Are Pregnant Patients with Sickle Cell Disease at Higher Risk? - European Medical Journal

Are Pregnant Patients with Sickle Cell Disease at Higher Risk?

PREGNANT patients with sickle cell disease (SCD) have an increased risk of severe maternal morbidity (SMM), according to a recent cohort study. While these findings are not surprising, explained author Veronica Gillispie-Bell, Ochsner Health Center – Kenner, Louisiana, USA, they are reminder of the importance of monitoring these patients closely to mitigate their risk and ensure they are kept out of a crisis.

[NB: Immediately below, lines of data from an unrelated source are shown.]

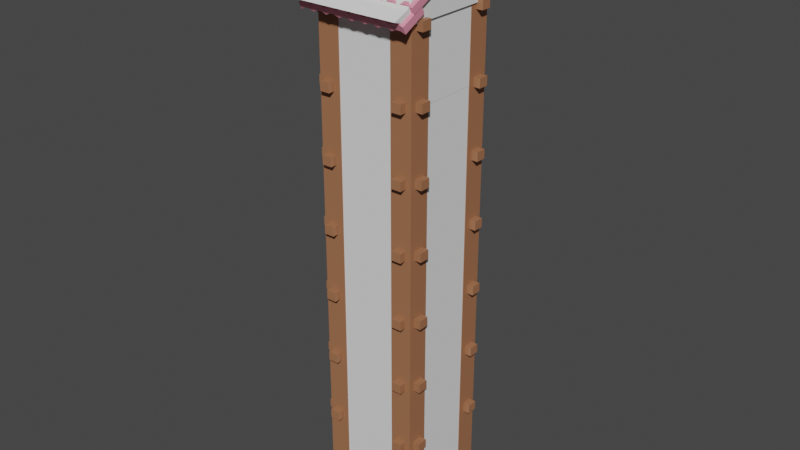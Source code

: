 # Source: building_1_tall.blend  (saved by Blender 3.1.7; exported with 4.5.12 LTS)
import bpy
from mathutils import Matrix  # noqa: F401  (used for matrix-valued properties, if any)

bpy.ops.wm.read_factory_settings(use_empty=True)
scene = bpy.context.scene
scene.name = 'Scene'

# ---- collections
col_collection = bpy.data.collections.new('Collection'); scene.collection.children.link(col_collection)

# ---- materials (node trees are filled in below, after node groups)
mat_wall = bpy.data.materials.new('WALL')
mat_wall.use_transparent_shadow = False
mat_wood = bpy.data.materials.new('wood')
mat_wood.use_transparent_shadow = False
mat_stone = bpy.data.materials.new('stone')
mat_stone.use_transparent_shadow = False
mat_roof = bpy.data.materials.new('roof')
mat_roof.use_transparent_shadow = False

# ---- material node trees
mat_wall.use_nodes = True; mat_wall.node_tree.nodes.clear()
_N = mat_wall.node_tree.nodes; _L = mat_wall.node_tree.links
n0 = _N.new('ShaderNodeBsdfPrincipled'); n0.name = 'Principled BSDF'; n0.location = (10, 300)
n0.distribution = 'GGX'
n0.subsurface_method = 'RANDOM_WALK_SKIN'
n0.inputs[0].default_value = (0.8, 0.7424, 0.1526, 1.0)
n0.inputs[3].default_value = 1.45
n0.inputs[27].default_value = (0.0, 0.0, 0.0, 1.0)
n0.inputs[28].default_value = 1.0
n1 = _N.new('ShaderNodeOutputMaterial'); n1.name = 'Material Output'; n1.location = (300, 300)
_L.new(n0.outputs[0], n1.inputs[0])
n1.is_active_output = True
mat_wood.use_nodes = True; mat_wood.node_tree.nodes.clear()
_N = mat_wood.node_tree.nodes; _L = mat_wood.node_tree.links
n0 = _N.new('ShaderNodeBsdfPrincipled'); n0.name = 'Principled BSDF'; n0.location = (10, 300)
n0.distribution = 'GGX'
n0.subsurface_method = 'RANDOM_WALK_SKIN'
n0.inputs[0].default_value = (0.3588, 0.1535, 0.07523, 1.0)
n0.inputs[3].default_value = 1.45
n0.inputs[27].default_value = (0.0, 0.0, 0.0, 1.0)
n0.inputs[28].default_value = 1.0
n1 = _N.new('ShaderNodeOutputMaterial'); n1.name = 'Material Output'; n1.location = (300, 300)
_L.new(n0.outputs[0], n1.inputs[0])
n1.is_active_output = True
mat_stone.use_nodes = True; mat_stone.node_tree.nodes.clear()
_N = mat_stone.node_tree.nodes; _L = mat_stone.node_tree.links
n0 = _N.new('ShaderNodeBsdfPrincipled'); n0.name = 'Principled BSDF'; n0.location = (10, 300)
n0.distribution = 'GGX'
n0.subsurface_method = 'RANDOM_WALK_SKIN'
n0.inputs[0].default_value = (0.1562, 0.2186, 0.3343, 1.0)
n0.inputs[3].default_value = 1.45
n0.inputs[27].default_value = (0.0, 0.0, 0.0, 1.0)
n0.inputs[28].default_value = 1.0
n1 = _N.new('ShaderNodeOutputMaterial'); n1.name = 'Material Output'; n1.location = (300, 300)
_L.new(n0.outputs[0], n1.inputs[0])
n1.is_active_output = True
mat_roof.use_nodes = True; mat_roof.node_tree.nodes.clear()
_N = mat_roof.node_tree.nodes; _L = mat_roof.node_tree.links
n0 = _N.new('ShaderNodeBsdfPrincipled'); n0.name = 'Principled BSDF'; n0.location = (10, 300)
n0.distribution = 'GGX'
n0.subsurface_method = 'RANDOM_WALK_SKIN'
n0.inputs[0].default_value = (0.8, 0.2712, 0.3662, 1.0)
n0.inputs[3].default_value = 1.45
n0.inputs[27].default_value = (0.0, 0.0, 0.0, 1.0)
n0.inputs[28].default_value = 1.0
n1 = _N.new('ShaderNodeOutputMaterial'); n1.name = 'Material Output'; n1.location = (300, 300)
_L.new(n0.outputs[0], n1.inputs[0])
n1.is_active_output = True

# ---- world
world_world = bpy.data.worlds.new('World'); scene.world = world_world
world_world.use_nodes = True; world_world.node_tree.nodes.clear()
_N = world_world.node_tree.nodes; _L = world_world.node_tree.links
n0 = _N.new('ShaderNodeOutputWorld'); n0.name = 'World Output'; n0.location = (300, 300)
n1 = _N.new('ShaderNodeBackground'); n1.name = 'Background'; n1.location = (10, 300)
n1.inputs[0].default_value = (0.05088, 0.05088, 0.05088, 1.0)
_L.new(n1.outputs[0], n0.inputs[0])
n0.is_active_output = True
world_world.color = (0.05088, 0.05088, 0.05088)
world_world.use_sun_shadow = False
world_world.sun_shadow_jitter_overblur = 0.0

# ---- meshes
me_cube_001 = bpy.data.meshes.new('Cube.001')
me_cube_001.from_pydata([(-1.0, -1.0, -1.0), (-1.0, -1.0, 1.0), (-1.0, 1.0, -1.0), (-1.0, 1.0, 1.0), (1.0, -1.0, -1.0), (1.0, -1.0, 1.0), (1.0, 1.0, -1.0), (1.0, 1.0, 1.0)], [], [(0, 1, 3, 2), (2, 3, 7, 6), (6, 7, 5, 4), (4, 5, 1, 0), (2, 6, 4, 0), (7, 3, 1, 5)])
_uv = me_cube_001.uv_layers.new(name='UVMap')
_uv.uv.foreach_set('vector', [0.375, 0.0, 0.625, 0.0, 0.625, 0.25, 0.375, 0.25, 0.375, 0.25, 0.625, 0.25, 0.625, 0.5, 0.375, 0.5, 0.375, 0.5, 0.625, 0.5, 0.625, 0.75, 0.375, 0.75, 0.375, 0.75, 0.625, 0.75, 0.625, 1.0, 0.375, 1.0, 0.125, 0.5, 0.375, 0.5, 0.375, 0.75, 0.125, 0.75, 0.625, 0.5, 0.875, 0.5, 0.875, 0.75, 0.625, 0.75])
me_cube_001.materials.append(mat_wall)
me_cube_001.use_remesh_fix_poles = True
me_cube_001.use_remesh_preserve_attributes = False
me_cube_001.update()
me_cube_002 = bpy.data.meshes.new('Cube.002')
me_cube_002.from_pydata([(4.18, 4.182, -1.692), (4.18, 4.182, 8.821), (4.18, 5.431, -1.692), (4.18, 5.431, 8.821), (5.429, 4.182, -1.692), (5.429, 4.182, 8.821), (5.429, 5.431, -1.692), (5.429, 5.431, 8.821)], [], [(0, 1, 3, 2), (2, 3, 7, 6), (6, 7, 5, 4), (4, 5, 1, 0), (2, 6, 4, 0), (7, 3, 1, 5)])
_uv = me_cube_002.uv_layers.new(name='UVMap')
_uv.uv.foreach_set('vector', [0.375, 0.0, 0.625, 0.0, 0.625, 0.25, 0.375, 0.25, 0.375, 0.25, 0.625, 0.25, 0.625, 0.5, 0.375, 0.5, 0.375, 0.5, 0.625, 0.5, 0.625, 0.75, 0.375, 0.75, 0.375, 0.75, 0.625, 0.75, 0.625, 1.0, 0.375, 1.0, 0.125, 0.5, 0.375, 0.5, 0.375, 0.75, 0.125, 0.75, 0.625, 0.5, 0.875, 0.5, 0.875, 0.75, 0.625, 0.75])
me_cube_002.materials.append(mat_wood)
me_cube_002.use_remesh_fix_poles = True
me_cube_002.use_remesh_preserve_attributes = False
me_cube_002.update()
me_cube_003 = bpy.data.meshes.new('Cube.003')
me_cube_003.from_pydata([(-1.0, -1.0, -1.0), (-1.0, -1.0, 1.0), (-1.0, 1.0, -1.0), (-1.0, 1.0, 1.0), (1.0, -1.0, -1.0), (1.0, -1.0, 1.0), (1.0, 1.0, -1.0), (1.0, 1.0, 1.0)], [], [(0, 1, 3, 2), (2, 3, 7, 6), (6, 7, 5, 4), (4, 5, 1, 0), (2, 6, 4, 0), (7, 3, 1, 5)])
_uv = me_cube_003.uv_layers.new(name='UVMap')
_uv.uv.foreach_set('vector', [0.375, 0.0, 0.625, 0.0, 0.625, 0.25, 0.375, 0.25, 0.375, 0.25, 0.625, 0.25, 0.625, 0.5, 0.375, 0.5, 0.375, 0.5, 0.625, 0.5, 0.625, 0.75, 0.375, 0.75, 0.375, 0.75, 0.625, 0.75, 0.625, 1.0, 0.375, 1.0, 0.125, 0.5, 0.375, 0.5, 0.375, 0.75, 0.125, 0.75, 0.625, 0.5, 0.875, 0.5, 0.875, 0.75, 0.625, 0.75])
me_cube_003.materials.append(mat_wood)
me_cube_003.use_remesh_fix_poles = True
me_cube_003.use_remesh_preserve_attributes = False
me_cube_003.update()
me_cube_004 = bpy.data.meshes.new('Cube.004')
me_cube_004.from_pydata([(5.408, 4.111, -0.7497), (5.408, 4.111, 8.379), (5.408, 5.353, -0.7497), (5.408, 5.353, 8.379), (6.845, 4.111, -0.7497), (6.845, 4.111, 8.379), (6.845, 5.353, -0.7497), (6.845, 5.353, 8.379)], [], [(0, 1, 3, 2), (2, 3, 7, 6), (6, 7, 5, 4), (4, 5, 1, 0), (2, 6, 4, 0), (7, 3, 1, 5)])
_uv = me_cube_004.uv_layers.new(name='UVMap')
_uv.uv.foreach_set('vector', [0.375, 0.0, 0.625, 0.0, 0.625, 0.25, 0.375, 0.25, 0.375, 0.25, 0.625, 0.25, 0.625, 0.5, 0.375, 0.5, 0.375, 0.5, 0.625, 0.5, 0.625, 0.75, 0.375, 0.75, 0.375, 0.75, 0.625, 0.75, 0.625, 1.0, 0.375, 1.0, 0.125, 0.5, 0.375, 0.5, 0.375, 0.75, 0.125, 0.75, 0.625, 0.5, 0.875, 0.5, 0.875, 0.75, 0.625, 0.75])
me_cube_004.materials.append(mat_wood)
me_cube_004.use_remesh_fix_poles = True
me_cube_004.use_remesh_preserve_attributes = False
me_cube_004.update()
me_cube_005 = bpy.data.meshes.new('Cube.005')
me_cube_005.from_pydata([(5.408, 4.124, -0.7497), (5.408, 4.124, 8.379), (5.408, 5.34, -0.7497), (5.408, 5.34, 8.379), (6.845, 4.124, -0.7497), (6.845, 4.124, 8.379), (6.845, 5.34, -0.7497), (6.845, 5.34, 8.379)], [], [(0, 1, 3, 2), (2, 3, 7, 6), (6, 7, 5, 4), (4, 5, 1, 0), (2, 6, 4, 0), (7, 3, 1, 5)])
_uv = me_cube_005.uv_layers.new(name='UVMap')
_uv.uv.foreach_set('vector', [0.375, 0.0, 0.625, 0.0, 0.625, 0.25, 0.375, 0.25, 0.375, 0.25, 0.625, 0.25, 0.625, 0.5, 0.375, 0.5, 0.375, 0.5, 0.625, 0.5, 0.625, 0.75, 0.375, 0.75, 0.375, 0.75, 0.625, 0.75, 0.625, 1.0, 0.375, 1.0, 0.125, 0.5, 0.375, 0.5, 0.375, 0.75, 0.125, 0.75, 0.625, 0.5, 0.875, 0.5, 0.875, 0.75, 0.625, 0.75])
me_cube_005.materials.append(mat_wood)
me_cube_005.use_remesh_fix_poles = True
me_cube_005.use_remesh_preserve_attributes = False
me_cube_005.update()
me_cube_009 = bpy.data.meshes.new('Cube.009')
me_cube_009.from_pydata([(-1.103, -1.103, -4.3), (-1.0, -1.0, 1.522), (-1.103, 1.103, -4.3), (-1.0, 1.0, 1.522), (1.103, -1.103, -4.3), (1.0, -1.0, 1.522), (1.103, 1.103, -4.3), (1.0, 1.0, 1.522)], [], [(0, 1, 3, 2), (2, 3, 7, 6), (6, 7, 5, 4), (4, 5, 1, 0), (2, 6, 4, 0), (7, 3, 1, 5)])
_uv = me_cube_009.uv_layers.new(name='UVMap')
_uv.uv.foreach_set('vector', [0.375, 0.0, 0.625, 0.0, 0.625, 0.25, 0.375, 0.25, 0.375, 0.25, 0.625, 0.25, 0.625, 0.5, 0.375, 0.5, 0.375, 0.5, 0.625, 0.5, 0.625, 0.75, 0.375, 0.75, 0.375, 0.75, 0.625, 0.75, 0.625, 1.0, 0.375, 1.0, 0.125, 0.5, 0.375, 0.5, 0.375, 0.75, 0.125, 0.75, 0.625, 0.5, 0.875, 0.5, 0.875, 0.75, 0.625, 0.75])
me_cube_009.materials.append(mat_stone)
me_cube_009.use_remesh_fix_poles = True
me_cube_009.use_remesh_preserve_attributes = False
me_cube_009.update()
me_cube_006 = bpy.data.meshes.new('Cube.006')
me_cube_006.from_pydata([(-1.0, -1.0, -1.0), (-1.0, -1.0, 1.0), (-1.0, 1.0, -1.0), (-1.0, 1.0, 1.0), (1.0, -1.0, -1.0), (1.0, -1.0, 1.0), (1.0, 1.0, -1.0), (1.0, 1.0, 1.0), (-1.091, -1.091, 0.7101), (-1.091, -1.091, 1.031), (-1.091, 1.091, 0.7101), (-1.091, 1.091, 1.031), (1.091, -1.091, 0.7101), (1.091, -1.091, 1.031), (1.091, 1.091, 0.7101), (1.091, 1.091, 1.031), (1.08, 0.821, 0.7358), (1.08, 0.821, 1.004), (1.08, 1.069, 0.7358), (1.08, 1.069, 1.004), (1.367, 0.821, 0.7358), (1.367, 0.821, 1.004), (1.367, 1.069, 0.7358), (1.367, 1.069, 1.004), (-1.08, 0.821, 0.7358), (-1.08, 0.821, 1.004), (-1.08, 1.069, 0.7358), (-1.08, 1.069, 1.004), (-1.367, 0.821, 0.7358), (-1.367, 0.821, 1.004), (-1.367, 1.069, 0.7358), (-1.367, 1.069, 1.004), (1.08, -0.821, 0.7358), (1.08, -0.821, 1.004), (1.08, -1.069, 0.7358), (1.08, -1.069, 1.004), (1.367, -0.821, 0.7358), (1.367, -0.821, 1.004), (1.367, -1.069, 0.7358), (1.367, -1.069, 1.004), (-1.08, -0.821, 0.7358), (-1.08, -0.821, 1.004), (-1.08, -1.069, 0.7358), (-1.08, -1.069, 1.004), (-1.367, -0.821, 0.7358), (-1.367, -0.821, 1.004), (-1.367, -1.069, 0.7358), (-1.367, -1.069, 1.004), (-0.8236, 1.08, 0.7358), (-0.8236, 1.08, 1.004), (-1.067, 1.08, 0.7358), (-1.067, 1.08, 1.004), (-0.8236, 1.367, 0.7358), (-0.8236, 1.367, 1.004), (-1.067, 1.367, 0.7358), (-1.067, 1.367, 1.004), (-0.8236, -1.08, 0.7358), (-0.8236, -1.08, 1.004), (-1.067, -1.08, 0.7358), (-1.067, -1.08, 1.004), (-0.8236, -1.367, 0.7358), (-0.8236, -1.367, 1.004), (-1.067, -1.367, 0.7358), (-1.067, -1.367, 1.004), (0.8236, 1.08, 0.7358), (0.8236, 1.08, 1.004), (1.067, 1.08, 0.7358), (1.067, 1.08, 1.004), (0.8236, 1.367, 0.7358), (0.8236, 1.367, 1.004), (1.067, 1.367, 0.7358), (1.067, 1.367, 1.004), (0.8236, -1.08, 0.7358), (0.8236, -1.08, 1.004), (1.067, -1.08, 0.7358), (1.067, -1.08, 1.004), (0.8236, -1.367, 0.7358), (0.8236, -1.367, 1.004), (1.067, -1.367, 0.7358), (1.067, -1.367, 1.004), (0.8171, 0.8174, -1.002), (0.8171, 0.8174, 1.02), (0.8171, 1.062, -1.002), (0.8171, 1.062, 1.02), (1.061, 0.8174, -1.002), (1.061, 0.8174, 1.02), (1.061, 1.062, -1.002), (1.061, 1.062, 1.02), (-0.8171, 0.8174, -1.002), (-0.8171, 0.8174, 1.02), (-0.8171, 1.062, -1.002), (-0.8171, 1.062, 1.02), (-1.061, 0.8174, -1.002), (-1.061, 0.8174, 1.02), (-1.061, 1.062, -1.002), (-1.061, 1.062, 1.02), (0.8171, -0.8174, -1.002), (0.8171, -0.8174, 1.02), (0.8171, -1.062, -1.002), (0.8171, -1.062, 1.02), (1.061, -0.8174, -1.002), (1.061, -0.8174, 1.02), (1.061, -1.062, -1.002), (1.061, -1.062, 1.02), (-0.8171, -0.8174, -1.002), (-0.8171, -0.8174, 1.02), (-0.8171, -1.062, -1.002), (-0.8171, -1.062, 1.02), (-1.061, -0.8174, -1.002), (-1.061, -0.8174, 1.02), (-1.061, -1.062, -1.002), (-1.061, -1.062, 1.02)], [], [(0, 1, 3, 2), (2, 3, 7, 6), (6, 7, 5, 4), (4, 5, 1, 0), (2, 6, 4, 0), (7, 3, 1, 5), (8, 9, 11, 10), (10, 11, 15, 14), (14, 15, 13, 12), (12, 13, 9, 8), (10, 14, 12, 8), (15, 11, 9, 13), (16, 17, 19, 18), (18, 19, 23, 22), (22, 23, 21, 20), (20, 21, 17, 16), (18, 22, 20, 16), (23, 19, 17, 21), (24, 26, 27, 25), (26, 30, 31, 27), (30, 28, 29, 31), (28, 24, 25, 29), (26, 24, 28, 30), (31, 29, 25, 27), (32, 34, 35, 33), (34, 38, 39, 35), (38, 36, 37, 39), (36, 32, 33, 37), (34, 32, 36, 38), (39, 37, 33, 35), (40, 41, 43, 42), (42, 43, 47, 46), (46, 47, 45, 44), (44, 45, 41, 40), (42, 46, 44, 40), (47, 43, 41, 45), (48, 49, 51, 50), (50, 51, 55, 54), (54, 55, 53, 52), (52, 53, 49, 48), (50, 54, 52, 48), (55, 51, 49, 53), (56, 58, 59, 57), (58, 62, 63, 59), (62, 60, 61, 63), (60, 56, 57, 61), (58, 56, 60, 62), (63, 61, 57, 59), (64, 66, 67, 65), (66, 70, 71, 67), (70, 68, 69, 71), (68, 64, 65, 69), (66, 64, 68, 70), (71, 69, 65, 67), (72, 73, 75, 74), (74, 75, 79, 78), (78, 79, 77, 76), (76, 77, 73, 72), (74, 78, 76, 72), (79, 75, 73, 77), (80, 81, 83, 82), (82, 83, 87, 86), (86, 87, 85, 84), (84, 85, 81, 80), (82, 86, 84, 80), (87, 83, 81, 85), (88, 90, 91, 89), (90, 94, 95, 91), (94, 92, 93, 95), (92, 88, 89, 93), (90, 88, 92, 94), (95, 93, 89, 91), (96, 98, 99, 97), (98, 102, 103, 99), (102, 100, 101, 103), (100, 96, 97, 101), (98, 96, 100, 102), (103, 101, 97, 99), (104, 105, 107, 106), (106, 107, 111, 110), (110, 111, 109, 108), (108, 109, 105, 104), (106, 110, 108, 104), (111, 107, 105, 109)])
me_cube_006.polygons.foreach_set('material_index', [1, 1, 1, 1, 0, 0, 0, 0, 0, 0, 0, 0, 0, 0, 0, 0, 0, 0, 0, 0, 0, 0, 0, 0, 0, 0, 0, 0, 0, 0, 0, 0, 0, 0, 0, 0, 0, 0, 0, 0, 0, 0, 0, 0, 0, 0, 0, 0, 0, 0, 0, 0, 0, 0, 0, 0, 0, 0, 0, 0, 0, 0, 0, 0, 0, 0, 0, 0, 0, 0, 0, 0, 0, 0, 0, 0, 0, 0, 0, 0, 0, 0, 0, 0])
_uv = me_cube_006.uv_layers.new(name='UVMap')
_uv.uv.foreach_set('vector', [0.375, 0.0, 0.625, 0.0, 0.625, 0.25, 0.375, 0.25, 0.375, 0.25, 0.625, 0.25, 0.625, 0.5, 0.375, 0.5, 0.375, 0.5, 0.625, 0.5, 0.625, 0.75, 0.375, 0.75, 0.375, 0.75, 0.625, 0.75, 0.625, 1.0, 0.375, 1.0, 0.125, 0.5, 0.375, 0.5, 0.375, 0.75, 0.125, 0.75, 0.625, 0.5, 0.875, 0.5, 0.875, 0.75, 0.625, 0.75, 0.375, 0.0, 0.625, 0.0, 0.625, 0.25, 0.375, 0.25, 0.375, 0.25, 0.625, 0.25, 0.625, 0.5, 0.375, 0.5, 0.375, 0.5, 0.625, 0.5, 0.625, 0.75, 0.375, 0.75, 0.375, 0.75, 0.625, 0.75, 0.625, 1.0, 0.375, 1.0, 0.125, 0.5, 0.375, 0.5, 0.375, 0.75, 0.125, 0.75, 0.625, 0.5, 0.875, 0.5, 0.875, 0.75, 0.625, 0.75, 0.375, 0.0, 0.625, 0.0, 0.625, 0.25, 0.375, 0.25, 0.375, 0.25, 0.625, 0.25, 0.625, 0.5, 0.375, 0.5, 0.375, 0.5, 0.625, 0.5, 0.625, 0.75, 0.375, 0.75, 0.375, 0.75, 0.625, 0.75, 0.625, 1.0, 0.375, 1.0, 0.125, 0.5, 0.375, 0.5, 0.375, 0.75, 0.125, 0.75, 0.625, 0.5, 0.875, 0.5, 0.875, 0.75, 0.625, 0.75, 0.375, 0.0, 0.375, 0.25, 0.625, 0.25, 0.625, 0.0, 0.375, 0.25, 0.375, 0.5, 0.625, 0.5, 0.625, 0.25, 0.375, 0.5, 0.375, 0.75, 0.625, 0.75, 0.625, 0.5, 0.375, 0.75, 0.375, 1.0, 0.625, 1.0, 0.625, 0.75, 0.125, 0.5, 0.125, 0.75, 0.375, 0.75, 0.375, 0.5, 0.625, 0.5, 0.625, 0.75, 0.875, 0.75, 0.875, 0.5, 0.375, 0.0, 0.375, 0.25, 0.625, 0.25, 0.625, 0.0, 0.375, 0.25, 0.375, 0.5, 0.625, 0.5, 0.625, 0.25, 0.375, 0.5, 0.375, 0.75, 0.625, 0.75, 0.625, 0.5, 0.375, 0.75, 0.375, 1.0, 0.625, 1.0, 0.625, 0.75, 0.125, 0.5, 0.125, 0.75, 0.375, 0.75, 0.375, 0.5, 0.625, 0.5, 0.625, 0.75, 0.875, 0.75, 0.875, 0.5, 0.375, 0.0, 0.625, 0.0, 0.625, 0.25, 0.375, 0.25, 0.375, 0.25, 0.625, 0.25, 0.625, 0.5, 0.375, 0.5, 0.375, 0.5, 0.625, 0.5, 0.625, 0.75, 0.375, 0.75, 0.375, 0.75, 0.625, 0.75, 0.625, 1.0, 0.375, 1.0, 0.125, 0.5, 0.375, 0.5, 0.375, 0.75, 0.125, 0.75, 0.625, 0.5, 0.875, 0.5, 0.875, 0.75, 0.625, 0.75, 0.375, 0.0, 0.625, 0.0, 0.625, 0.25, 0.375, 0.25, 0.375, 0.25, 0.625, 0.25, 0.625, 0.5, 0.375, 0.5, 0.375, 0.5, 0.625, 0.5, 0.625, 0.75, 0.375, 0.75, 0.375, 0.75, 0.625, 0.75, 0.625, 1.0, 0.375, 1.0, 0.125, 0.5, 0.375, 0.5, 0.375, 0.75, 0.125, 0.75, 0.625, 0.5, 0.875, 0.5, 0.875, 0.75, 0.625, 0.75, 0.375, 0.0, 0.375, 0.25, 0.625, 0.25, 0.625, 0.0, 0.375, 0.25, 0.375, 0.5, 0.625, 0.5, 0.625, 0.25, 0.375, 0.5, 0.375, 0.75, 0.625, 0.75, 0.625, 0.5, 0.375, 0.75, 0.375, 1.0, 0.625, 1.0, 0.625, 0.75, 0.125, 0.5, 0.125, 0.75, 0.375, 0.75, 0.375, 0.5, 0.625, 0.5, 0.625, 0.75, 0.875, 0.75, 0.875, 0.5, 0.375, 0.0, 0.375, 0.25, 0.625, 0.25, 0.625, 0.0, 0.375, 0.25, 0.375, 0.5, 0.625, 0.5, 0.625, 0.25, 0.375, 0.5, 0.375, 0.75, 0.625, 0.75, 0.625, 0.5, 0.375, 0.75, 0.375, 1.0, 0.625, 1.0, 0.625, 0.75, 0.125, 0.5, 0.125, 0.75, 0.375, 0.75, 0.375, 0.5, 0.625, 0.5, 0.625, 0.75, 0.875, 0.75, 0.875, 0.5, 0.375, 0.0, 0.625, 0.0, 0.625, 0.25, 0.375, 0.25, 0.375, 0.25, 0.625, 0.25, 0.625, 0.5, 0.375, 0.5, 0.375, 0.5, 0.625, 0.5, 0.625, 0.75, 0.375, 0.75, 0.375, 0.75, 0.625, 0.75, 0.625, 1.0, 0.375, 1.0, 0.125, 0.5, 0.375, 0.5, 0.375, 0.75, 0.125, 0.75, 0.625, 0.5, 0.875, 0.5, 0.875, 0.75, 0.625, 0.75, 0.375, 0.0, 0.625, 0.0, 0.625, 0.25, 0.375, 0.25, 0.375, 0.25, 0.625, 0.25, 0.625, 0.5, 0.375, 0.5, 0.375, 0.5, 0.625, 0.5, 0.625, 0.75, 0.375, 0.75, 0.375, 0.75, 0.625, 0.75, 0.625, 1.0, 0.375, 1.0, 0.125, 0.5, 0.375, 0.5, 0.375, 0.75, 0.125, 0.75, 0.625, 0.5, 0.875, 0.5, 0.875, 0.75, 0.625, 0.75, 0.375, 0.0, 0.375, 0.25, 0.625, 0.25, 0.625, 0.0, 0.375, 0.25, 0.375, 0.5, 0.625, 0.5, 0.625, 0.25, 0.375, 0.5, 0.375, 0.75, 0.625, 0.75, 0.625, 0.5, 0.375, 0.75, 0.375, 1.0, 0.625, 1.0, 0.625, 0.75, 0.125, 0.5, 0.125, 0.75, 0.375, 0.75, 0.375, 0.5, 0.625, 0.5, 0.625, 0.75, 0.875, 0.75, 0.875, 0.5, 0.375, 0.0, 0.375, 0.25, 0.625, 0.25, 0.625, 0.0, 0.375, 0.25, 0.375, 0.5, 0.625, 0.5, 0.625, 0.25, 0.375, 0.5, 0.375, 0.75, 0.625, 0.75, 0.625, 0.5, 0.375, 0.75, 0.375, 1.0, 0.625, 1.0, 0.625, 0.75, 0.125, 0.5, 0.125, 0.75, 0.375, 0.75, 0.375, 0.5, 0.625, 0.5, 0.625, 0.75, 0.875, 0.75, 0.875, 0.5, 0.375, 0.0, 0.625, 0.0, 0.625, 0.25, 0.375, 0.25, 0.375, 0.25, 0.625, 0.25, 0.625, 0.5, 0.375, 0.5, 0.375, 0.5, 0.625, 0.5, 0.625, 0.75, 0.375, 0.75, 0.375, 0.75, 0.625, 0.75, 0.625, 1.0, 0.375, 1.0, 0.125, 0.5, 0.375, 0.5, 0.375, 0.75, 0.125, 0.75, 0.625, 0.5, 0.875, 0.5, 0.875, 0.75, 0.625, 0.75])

The team analysed state health department data from 8,693,616 patients, 1.57% of whom had SMM, and 0.7% of whom had non-transfusion SMM. SMM included sepsis, SCD crisis, and heart failure, as well as 13 other life-threatening maternal conditions and five life-saving procedures. . Incidence of SCD is higher in Black patients, and 11% of the Black patients in this study experience more than one SMM.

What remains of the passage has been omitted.